- About this task:
Take the lines below from the first through the one that contains "#17=DIRECTION('',(1.,0.,0.));" and copy them exactly.

(Provided data)

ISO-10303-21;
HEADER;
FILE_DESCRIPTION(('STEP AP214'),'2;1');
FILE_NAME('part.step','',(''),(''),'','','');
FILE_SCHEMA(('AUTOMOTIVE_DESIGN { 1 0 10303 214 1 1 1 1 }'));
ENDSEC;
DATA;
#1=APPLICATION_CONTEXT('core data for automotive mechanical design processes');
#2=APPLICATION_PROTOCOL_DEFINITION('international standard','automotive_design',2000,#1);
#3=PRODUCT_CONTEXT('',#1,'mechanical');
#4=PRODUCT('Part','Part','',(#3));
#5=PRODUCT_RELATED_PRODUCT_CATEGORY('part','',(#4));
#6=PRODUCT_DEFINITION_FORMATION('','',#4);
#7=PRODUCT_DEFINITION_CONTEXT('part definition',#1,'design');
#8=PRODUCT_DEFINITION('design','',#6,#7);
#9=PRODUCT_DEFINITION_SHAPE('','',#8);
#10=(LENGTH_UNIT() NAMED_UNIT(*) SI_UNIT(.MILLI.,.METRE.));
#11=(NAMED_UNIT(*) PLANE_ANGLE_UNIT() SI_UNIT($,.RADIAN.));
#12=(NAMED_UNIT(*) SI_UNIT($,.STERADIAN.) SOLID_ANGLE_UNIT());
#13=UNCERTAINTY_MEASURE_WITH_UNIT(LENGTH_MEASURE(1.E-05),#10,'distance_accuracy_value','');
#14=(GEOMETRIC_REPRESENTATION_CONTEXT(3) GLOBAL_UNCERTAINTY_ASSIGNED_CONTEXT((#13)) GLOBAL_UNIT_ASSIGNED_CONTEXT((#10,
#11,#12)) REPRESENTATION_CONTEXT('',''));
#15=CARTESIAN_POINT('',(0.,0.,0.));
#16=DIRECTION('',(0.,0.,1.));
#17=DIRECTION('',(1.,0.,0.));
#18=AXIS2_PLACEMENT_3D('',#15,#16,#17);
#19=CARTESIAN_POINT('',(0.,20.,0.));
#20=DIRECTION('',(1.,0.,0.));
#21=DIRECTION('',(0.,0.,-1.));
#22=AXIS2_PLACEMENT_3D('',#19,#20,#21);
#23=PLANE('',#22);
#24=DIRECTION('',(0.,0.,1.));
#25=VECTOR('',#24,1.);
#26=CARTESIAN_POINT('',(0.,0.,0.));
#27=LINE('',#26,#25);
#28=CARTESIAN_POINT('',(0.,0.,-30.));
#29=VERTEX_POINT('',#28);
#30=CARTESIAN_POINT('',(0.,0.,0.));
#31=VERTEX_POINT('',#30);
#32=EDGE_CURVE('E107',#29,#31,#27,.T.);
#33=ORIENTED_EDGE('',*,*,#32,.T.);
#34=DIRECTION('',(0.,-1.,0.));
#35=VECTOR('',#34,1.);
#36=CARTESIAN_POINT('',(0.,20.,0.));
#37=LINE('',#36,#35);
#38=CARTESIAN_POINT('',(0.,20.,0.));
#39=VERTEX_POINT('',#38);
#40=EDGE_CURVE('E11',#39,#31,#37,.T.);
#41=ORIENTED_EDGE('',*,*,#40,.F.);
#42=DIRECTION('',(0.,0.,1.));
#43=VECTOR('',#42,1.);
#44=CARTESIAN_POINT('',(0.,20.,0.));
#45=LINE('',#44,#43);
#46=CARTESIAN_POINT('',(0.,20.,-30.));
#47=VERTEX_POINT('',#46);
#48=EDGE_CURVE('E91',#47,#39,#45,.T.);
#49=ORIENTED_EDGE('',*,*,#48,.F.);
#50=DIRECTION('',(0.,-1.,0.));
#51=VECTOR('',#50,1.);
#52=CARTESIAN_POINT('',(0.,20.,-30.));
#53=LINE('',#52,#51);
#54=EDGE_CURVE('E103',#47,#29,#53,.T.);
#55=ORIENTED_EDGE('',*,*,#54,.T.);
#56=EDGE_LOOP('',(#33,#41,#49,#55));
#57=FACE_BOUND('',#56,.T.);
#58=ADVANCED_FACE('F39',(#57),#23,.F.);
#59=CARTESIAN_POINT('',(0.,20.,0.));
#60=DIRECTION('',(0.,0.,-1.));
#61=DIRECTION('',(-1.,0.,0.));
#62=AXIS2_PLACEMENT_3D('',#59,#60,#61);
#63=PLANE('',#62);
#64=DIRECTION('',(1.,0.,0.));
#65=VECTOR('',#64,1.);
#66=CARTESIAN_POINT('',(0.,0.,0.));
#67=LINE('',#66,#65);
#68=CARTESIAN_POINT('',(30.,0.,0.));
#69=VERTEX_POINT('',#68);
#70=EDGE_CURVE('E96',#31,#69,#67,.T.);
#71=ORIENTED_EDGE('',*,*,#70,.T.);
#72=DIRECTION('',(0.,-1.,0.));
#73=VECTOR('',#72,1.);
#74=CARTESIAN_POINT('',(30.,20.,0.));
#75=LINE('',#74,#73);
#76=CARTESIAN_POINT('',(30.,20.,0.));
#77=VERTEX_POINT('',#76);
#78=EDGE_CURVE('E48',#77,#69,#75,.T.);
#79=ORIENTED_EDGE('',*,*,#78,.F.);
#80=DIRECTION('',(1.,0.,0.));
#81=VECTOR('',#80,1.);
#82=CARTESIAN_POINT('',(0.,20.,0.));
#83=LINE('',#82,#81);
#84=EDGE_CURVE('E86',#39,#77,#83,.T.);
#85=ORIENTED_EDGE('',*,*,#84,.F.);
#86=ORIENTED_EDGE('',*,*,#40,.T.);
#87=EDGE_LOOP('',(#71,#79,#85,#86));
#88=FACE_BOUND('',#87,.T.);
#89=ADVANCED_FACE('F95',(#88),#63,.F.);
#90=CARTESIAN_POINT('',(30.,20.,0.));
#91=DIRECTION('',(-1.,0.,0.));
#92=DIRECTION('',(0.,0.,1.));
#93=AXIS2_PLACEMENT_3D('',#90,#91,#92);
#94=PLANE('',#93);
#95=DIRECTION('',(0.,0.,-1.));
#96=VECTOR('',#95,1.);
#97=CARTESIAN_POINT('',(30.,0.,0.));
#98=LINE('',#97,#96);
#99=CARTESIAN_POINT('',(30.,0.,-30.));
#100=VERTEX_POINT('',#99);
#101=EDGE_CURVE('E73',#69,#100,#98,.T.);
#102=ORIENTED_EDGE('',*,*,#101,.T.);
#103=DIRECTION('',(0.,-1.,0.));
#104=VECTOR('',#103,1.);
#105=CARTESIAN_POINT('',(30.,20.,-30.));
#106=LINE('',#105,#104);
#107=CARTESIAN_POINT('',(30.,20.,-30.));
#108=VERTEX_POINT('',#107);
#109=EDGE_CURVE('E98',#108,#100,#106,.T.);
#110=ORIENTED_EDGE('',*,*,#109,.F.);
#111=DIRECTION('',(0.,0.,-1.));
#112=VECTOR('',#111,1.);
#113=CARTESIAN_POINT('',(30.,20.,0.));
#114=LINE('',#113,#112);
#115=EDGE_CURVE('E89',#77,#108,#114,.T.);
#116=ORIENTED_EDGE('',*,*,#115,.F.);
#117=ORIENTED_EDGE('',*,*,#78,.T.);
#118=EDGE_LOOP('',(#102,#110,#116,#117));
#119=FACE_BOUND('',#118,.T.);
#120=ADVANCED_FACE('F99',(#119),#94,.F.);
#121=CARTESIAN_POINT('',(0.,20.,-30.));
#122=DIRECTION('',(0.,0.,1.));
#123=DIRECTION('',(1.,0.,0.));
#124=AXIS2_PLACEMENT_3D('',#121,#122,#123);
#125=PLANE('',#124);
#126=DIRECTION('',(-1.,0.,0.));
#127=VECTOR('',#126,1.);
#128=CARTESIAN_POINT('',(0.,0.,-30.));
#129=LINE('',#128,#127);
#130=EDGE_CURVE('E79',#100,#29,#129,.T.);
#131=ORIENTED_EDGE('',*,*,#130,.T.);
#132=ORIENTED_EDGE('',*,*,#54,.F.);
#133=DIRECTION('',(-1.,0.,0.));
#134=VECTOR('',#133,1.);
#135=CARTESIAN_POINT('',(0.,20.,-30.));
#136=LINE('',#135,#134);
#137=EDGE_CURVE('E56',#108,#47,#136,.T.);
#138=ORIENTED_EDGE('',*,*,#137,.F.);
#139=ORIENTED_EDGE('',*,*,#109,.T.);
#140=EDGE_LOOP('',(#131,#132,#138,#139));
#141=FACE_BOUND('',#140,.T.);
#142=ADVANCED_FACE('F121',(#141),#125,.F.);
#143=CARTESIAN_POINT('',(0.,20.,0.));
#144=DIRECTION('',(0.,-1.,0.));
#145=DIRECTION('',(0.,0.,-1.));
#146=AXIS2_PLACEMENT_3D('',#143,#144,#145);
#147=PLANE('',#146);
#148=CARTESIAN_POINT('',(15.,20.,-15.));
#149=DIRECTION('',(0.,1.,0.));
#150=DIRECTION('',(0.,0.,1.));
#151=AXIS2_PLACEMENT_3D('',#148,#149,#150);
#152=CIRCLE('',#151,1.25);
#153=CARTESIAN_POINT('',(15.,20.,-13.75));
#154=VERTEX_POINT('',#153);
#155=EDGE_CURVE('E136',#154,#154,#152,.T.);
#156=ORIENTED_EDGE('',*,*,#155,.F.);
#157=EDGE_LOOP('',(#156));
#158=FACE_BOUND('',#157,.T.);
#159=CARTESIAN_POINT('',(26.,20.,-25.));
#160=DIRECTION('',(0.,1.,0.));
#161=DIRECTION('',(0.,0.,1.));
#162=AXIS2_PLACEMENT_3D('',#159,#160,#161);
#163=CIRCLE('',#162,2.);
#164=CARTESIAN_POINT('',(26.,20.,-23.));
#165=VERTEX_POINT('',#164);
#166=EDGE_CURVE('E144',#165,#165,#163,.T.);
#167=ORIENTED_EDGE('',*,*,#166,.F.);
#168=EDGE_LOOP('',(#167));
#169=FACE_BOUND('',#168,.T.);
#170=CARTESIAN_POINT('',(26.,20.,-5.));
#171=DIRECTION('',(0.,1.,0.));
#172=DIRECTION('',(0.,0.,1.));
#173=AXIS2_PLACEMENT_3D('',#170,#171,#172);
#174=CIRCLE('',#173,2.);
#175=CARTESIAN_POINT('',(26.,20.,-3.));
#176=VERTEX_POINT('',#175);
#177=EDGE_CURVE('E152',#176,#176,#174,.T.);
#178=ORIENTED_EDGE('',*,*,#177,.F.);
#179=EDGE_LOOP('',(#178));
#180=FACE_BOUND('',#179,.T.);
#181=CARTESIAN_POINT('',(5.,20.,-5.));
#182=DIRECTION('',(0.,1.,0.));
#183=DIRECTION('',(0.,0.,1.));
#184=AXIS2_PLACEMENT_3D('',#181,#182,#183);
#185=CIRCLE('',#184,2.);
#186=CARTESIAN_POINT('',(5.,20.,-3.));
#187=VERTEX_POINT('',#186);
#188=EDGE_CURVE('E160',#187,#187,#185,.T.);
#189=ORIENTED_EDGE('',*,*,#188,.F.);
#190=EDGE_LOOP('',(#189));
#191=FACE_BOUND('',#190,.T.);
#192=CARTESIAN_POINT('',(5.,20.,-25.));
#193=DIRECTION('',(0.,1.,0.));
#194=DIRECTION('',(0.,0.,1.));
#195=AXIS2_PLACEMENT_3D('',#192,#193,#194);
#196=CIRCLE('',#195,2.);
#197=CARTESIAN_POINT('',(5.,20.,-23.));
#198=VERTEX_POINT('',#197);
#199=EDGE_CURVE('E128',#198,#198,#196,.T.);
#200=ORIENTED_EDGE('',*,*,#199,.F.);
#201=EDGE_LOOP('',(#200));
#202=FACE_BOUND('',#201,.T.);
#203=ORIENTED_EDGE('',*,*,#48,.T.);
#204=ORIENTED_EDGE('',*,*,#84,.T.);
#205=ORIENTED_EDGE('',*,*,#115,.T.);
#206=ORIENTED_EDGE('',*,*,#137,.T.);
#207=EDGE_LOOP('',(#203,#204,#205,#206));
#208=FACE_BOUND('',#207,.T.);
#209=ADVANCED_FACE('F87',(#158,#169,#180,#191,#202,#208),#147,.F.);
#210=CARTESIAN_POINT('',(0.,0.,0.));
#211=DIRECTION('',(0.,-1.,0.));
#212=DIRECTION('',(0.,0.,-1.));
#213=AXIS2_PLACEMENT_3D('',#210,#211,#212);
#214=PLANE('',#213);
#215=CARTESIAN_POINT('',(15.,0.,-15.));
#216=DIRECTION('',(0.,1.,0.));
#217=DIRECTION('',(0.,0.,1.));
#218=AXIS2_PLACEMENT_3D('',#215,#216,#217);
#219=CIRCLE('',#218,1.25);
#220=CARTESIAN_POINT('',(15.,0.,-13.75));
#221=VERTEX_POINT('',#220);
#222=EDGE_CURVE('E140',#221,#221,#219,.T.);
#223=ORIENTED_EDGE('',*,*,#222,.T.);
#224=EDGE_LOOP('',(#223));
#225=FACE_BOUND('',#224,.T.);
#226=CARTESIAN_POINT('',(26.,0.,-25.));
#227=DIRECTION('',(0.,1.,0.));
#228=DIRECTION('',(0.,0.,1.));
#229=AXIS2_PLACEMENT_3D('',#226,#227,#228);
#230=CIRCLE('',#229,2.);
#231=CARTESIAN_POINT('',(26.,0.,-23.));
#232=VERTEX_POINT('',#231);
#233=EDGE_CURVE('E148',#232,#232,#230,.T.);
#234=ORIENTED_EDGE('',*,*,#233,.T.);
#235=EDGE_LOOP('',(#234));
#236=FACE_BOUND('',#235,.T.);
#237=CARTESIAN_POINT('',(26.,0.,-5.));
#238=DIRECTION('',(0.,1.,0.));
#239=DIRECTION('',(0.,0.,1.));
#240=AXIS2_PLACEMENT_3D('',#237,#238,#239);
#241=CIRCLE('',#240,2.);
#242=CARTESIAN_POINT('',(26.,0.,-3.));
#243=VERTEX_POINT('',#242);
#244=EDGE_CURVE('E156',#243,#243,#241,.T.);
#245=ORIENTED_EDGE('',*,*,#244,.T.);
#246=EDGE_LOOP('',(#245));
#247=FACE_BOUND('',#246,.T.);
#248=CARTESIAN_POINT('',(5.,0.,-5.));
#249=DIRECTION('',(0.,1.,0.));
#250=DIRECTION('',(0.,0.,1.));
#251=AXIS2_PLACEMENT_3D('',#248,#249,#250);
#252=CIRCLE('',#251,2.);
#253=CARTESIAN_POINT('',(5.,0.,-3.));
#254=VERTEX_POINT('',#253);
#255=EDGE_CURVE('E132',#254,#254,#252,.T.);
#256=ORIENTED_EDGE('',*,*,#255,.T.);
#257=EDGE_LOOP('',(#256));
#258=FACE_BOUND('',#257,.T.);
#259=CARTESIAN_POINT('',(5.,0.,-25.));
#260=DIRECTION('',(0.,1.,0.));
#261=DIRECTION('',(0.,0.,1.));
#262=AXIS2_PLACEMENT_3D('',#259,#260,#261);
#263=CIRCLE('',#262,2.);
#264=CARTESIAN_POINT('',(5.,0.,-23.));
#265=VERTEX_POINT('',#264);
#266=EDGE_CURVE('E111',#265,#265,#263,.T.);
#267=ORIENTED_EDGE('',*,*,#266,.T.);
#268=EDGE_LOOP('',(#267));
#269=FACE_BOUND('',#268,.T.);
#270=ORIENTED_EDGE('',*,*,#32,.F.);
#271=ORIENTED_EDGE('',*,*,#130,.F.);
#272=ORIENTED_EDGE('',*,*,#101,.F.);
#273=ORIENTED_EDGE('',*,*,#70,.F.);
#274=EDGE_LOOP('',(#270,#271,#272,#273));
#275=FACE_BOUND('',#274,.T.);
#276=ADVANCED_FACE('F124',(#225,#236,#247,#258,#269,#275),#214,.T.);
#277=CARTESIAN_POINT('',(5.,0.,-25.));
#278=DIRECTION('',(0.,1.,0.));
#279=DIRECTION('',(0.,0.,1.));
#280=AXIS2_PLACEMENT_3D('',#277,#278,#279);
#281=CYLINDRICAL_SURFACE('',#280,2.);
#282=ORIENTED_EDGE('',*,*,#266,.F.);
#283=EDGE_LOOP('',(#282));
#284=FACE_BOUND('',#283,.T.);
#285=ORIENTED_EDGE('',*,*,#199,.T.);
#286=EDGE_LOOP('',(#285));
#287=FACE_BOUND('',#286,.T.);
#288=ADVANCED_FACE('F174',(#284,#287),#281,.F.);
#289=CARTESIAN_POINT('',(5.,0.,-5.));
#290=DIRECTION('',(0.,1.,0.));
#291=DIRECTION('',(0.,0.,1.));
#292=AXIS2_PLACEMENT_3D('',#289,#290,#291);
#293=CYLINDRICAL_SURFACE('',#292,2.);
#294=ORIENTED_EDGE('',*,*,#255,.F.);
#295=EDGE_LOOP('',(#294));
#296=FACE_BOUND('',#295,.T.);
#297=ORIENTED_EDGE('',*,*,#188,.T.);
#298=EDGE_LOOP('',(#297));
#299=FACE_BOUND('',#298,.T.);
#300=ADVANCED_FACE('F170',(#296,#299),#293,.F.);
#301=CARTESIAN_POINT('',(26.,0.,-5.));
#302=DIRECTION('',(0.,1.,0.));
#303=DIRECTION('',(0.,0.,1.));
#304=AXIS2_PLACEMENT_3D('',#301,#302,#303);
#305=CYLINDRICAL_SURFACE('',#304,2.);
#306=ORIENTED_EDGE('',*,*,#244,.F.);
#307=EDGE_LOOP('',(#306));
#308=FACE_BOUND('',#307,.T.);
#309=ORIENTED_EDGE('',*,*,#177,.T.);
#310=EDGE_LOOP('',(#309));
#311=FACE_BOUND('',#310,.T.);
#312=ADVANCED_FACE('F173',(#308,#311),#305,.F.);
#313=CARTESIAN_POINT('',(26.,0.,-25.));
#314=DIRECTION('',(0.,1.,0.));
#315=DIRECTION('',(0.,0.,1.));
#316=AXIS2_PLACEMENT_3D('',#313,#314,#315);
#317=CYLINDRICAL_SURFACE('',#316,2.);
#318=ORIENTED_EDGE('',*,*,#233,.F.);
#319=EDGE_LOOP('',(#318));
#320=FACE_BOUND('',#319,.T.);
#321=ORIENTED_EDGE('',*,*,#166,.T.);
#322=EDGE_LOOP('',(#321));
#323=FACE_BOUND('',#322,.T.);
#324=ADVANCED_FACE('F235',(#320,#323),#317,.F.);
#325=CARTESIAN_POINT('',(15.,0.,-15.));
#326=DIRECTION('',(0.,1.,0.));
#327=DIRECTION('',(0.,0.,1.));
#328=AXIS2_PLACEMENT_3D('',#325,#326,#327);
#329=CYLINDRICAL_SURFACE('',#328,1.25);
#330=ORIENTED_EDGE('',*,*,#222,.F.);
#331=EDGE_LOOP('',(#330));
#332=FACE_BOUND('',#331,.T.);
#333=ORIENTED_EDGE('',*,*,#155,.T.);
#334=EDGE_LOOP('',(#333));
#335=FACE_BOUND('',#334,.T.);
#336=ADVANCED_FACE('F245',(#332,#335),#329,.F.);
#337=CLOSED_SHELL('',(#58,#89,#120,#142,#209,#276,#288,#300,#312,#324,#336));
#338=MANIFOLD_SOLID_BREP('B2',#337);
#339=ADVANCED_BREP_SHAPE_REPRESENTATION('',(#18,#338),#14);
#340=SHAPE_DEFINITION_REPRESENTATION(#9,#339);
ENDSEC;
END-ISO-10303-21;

(End Provided data)

- Your solution:
ISO-10303-21;
HEADER;
FILE_DESCRIPTION(('STEP AP214'),'2;1');
FILE_NAME('part.step','',(''),(''),'','','');
FILE_SCHEMA(('AUTOMOTIVE_DESIGN { 1 0 10303 214 1 1 1 1 }'));
ENDSEC;
DATA;
#1=APPLICATION_CONTEXT('core data for automotive mechanical design processes');
#2=APPLICATION_PROTOCOL_DEFINITION('international standard','automotive_design',2000,#1);
#3=PRODUCT_CONTEXT('',#1,'mechanical');
#4=PRODUCT('Part','Part','',(#3));
#5=PRODUCT_RELATED_PRODUCT_CATEGORY('part','',(#4));
#6=PRODUCT_DEFINITION_FORMATION('','',#4);
#7=PRODUCT_DEFINITION_CONTEXT('part definition',#1,'design');
#8=PRODUCT_DEFINITION('design','',#6,#7);
#9=PRODUCT_DEFINITION_SHAPE('','',#8);
#10=(LENGTH_UNIT() NAMED_UNIT(*) SI_UNIT(.MILLI.,.METRE.));
#11=(NAMED_UNIT(*) PLANE_ANGLE_UNIT() SI_UNIT($,.RADIAN.));
#12=(NAMED_UNIT(*) SI_UNIT($,.STERADIAN.) SOLID_ANGLE_UNIT());
#13=UNCERTAINTY_MEASURE_WITH_UNIT(LENGTH_MEASURE(1.E-05),#10,'distance_accuracy_value','');
#14=(GEOMETRIC_REPRESENTATION_CONTEXT(3) GLOBAL_UNCERTAINTY_ASSIGNED_CONTEXT((#13)) GLOBAL_UNIT_ASSIGNED_CONTEXT((#10,
#11,#12)) REPRESENTATION_CONTEXT('',''));
#15=CARTESIAN_POINT('',(0.,0.,0.));
#16=DIRECTION('',(0.,0.,1.));
#17=DIRECTION('',(1.,0.,0.));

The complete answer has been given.